We performed a comprehensive immunohistochemical study of various follicular markers in all stages of KA. A total of 67 tumors, including 16 early or proliferative stage lesions, 43 well-developed stage lesions, five regressing stage lesions and three regressed stage lesions, were subjected to the analysis.

Results

CK15 (clone C8/144B), CK19 and CD34 were not expressed at any stage. CK1, CK10, CK16, CK17, CK15 (clone LHK15) and calretinin showed dynamic changes in their expression in KA depending on the stage.

Conclusions

KA is a follicular neoplasm with infundibular/isthmic (upper segmental region of hair follicles) differentiation.
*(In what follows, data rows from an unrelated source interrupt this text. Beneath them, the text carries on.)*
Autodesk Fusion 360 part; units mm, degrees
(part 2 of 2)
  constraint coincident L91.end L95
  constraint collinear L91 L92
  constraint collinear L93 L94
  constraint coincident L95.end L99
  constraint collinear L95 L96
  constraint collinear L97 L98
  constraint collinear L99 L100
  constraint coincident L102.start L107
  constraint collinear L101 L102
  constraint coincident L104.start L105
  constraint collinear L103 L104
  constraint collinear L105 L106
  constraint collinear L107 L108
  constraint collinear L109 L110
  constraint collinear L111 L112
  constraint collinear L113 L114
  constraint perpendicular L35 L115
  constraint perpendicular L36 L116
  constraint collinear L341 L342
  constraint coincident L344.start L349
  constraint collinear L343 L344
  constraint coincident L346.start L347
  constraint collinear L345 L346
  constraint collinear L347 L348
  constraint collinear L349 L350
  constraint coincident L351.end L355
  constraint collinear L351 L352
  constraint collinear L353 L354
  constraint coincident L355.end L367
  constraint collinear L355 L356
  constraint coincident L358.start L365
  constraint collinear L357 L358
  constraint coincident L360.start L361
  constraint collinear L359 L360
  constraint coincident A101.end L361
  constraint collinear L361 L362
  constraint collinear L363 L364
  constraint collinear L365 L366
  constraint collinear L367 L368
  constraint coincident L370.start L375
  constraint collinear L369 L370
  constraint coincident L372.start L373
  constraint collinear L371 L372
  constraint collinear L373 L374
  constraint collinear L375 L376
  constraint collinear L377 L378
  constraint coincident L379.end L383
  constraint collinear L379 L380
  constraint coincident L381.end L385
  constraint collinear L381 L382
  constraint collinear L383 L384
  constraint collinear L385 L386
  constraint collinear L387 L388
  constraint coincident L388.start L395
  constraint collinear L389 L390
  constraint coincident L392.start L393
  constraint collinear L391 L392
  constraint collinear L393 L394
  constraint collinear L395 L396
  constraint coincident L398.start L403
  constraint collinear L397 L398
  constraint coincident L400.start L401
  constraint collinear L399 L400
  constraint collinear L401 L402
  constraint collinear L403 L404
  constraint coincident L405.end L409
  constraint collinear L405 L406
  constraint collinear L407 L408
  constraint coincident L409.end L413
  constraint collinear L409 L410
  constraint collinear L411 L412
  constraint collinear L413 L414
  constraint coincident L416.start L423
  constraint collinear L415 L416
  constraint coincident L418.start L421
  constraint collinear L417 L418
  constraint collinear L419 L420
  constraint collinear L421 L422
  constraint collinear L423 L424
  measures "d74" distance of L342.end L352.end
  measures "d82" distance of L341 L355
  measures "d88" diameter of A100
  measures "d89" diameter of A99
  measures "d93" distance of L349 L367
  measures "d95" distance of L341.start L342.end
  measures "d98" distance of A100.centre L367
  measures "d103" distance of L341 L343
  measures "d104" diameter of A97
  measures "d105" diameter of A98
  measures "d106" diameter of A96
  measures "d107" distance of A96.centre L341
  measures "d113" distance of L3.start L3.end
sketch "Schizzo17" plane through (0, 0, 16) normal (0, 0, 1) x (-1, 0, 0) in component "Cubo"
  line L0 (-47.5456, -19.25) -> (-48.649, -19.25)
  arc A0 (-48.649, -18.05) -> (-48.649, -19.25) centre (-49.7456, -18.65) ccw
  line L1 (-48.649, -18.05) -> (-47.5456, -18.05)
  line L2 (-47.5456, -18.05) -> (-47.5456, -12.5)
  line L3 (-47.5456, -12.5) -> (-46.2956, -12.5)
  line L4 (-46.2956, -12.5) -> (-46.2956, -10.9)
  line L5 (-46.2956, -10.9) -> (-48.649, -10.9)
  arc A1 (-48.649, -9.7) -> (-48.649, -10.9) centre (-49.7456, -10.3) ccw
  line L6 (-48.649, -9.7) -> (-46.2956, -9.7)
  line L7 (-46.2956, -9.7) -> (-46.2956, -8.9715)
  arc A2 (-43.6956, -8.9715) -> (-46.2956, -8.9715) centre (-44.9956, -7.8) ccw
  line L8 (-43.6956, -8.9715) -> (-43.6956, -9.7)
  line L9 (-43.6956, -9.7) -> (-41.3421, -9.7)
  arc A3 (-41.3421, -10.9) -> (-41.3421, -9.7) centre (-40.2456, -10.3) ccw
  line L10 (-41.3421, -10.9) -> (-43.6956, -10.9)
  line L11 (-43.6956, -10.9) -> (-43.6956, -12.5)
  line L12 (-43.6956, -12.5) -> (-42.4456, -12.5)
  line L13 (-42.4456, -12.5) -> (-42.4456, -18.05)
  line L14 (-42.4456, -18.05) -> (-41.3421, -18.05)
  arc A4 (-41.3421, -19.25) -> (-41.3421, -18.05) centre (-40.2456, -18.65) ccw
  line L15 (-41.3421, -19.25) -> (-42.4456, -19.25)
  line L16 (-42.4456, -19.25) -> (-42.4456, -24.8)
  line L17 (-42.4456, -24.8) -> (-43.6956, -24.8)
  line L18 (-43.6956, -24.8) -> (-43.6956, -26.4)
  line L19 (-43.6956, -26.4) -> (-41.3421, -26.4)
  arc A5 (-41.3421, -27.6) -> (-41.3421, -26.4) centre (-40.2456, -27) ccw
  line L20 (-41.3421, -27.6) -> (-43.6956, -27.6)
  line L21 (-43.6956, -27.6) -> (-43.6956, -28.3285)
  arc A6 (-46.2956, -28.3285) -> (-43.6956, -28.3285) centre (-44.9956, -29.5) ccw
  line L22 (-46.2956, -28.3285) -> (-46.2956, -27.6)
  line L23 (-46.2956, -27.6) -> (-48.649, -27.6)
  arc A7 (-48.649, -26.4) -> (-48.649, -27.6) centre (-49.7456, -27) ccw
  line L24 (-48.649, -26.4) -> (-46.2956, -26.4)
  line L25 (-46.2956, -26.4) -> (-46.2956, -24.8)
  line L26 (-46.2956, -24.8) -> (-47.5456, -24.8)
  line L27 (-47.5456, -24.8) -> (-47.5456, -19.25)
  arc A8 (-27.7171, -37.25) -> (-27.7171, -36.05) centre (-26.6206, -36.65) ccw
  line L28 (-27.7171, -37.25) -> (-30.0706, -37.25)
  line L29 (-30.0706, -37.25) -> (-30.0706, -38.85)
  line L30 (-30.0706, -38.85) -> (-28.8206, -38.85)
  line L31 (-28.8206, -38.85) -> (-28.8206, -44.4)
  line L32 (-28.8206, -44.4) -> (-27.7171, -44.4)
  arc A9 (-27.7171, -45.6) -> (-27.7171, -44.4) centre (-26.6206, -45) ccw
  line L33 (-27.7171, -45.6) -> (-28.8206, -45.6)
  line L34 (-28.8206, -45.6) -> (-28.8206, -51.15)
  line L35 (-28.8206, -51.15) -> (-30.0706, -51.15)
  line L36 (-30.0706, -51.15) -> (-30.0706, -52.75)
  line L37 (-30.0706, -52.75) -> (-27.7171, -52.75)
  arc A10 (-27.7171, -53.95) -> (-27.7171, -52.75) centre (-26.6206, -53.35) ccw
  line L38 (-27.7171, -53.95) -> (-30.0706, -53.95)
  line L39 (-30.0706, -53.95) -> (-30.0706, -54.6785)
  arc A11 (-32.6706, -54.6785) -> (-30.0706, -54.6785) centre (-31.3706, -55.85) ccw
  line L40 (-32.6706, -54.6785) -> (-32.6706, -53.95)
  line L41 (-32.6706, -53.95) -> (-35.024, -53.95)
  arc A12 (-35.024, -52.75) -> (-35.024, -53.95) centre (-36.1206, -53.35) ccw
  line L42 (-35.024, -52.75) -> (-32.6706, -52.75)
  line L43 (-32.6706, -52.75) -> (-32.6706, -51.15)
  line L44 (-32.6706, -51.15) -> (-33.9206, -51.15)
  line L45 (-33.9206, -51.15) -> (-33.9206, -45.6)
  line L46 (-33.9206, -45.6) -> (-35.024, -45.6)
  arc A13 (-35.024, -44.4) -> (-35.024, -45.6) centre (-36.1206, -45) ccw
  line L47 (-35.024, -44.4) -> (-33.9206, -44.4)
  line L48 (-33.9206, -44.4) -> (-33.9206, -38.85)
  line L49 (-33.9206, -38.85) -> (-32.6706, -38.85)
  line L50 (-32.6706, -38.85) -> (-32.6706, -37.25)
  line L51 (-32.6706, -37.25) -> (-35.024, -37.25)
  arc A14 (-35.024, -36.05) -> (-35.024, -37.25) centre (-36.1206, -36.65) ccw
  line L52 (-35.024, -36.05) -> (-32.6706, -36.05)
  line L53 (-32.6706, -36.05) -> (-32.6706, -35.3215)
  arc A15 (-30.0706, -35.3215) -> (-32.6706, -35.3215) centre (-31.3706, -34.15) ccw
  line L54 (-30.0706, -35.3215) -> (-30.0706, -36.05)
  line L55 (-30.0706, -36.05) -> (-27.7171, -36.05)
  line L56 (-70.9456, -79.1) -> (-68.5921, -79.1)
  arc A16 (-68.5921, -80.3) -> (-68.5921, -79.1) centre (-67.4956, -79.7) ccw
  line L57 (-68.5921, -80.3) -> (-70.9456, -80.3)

It is considered that early or proliferative stage tumors show keratin-filled invaginations with infundibular differentiation and gradual isthmic differentiation. Well-developed examples of KA generally show isthmic differentiation in the whole lesions. The regressed stage KAs lose the features of this type of follicular differentiation and show epidermal characteristics. No expression of CK15 (clone C8/144B) was observed in KAs, although this finding is insufficient to completely rule out the correlation between the regression of KA and the hair follicle cycle.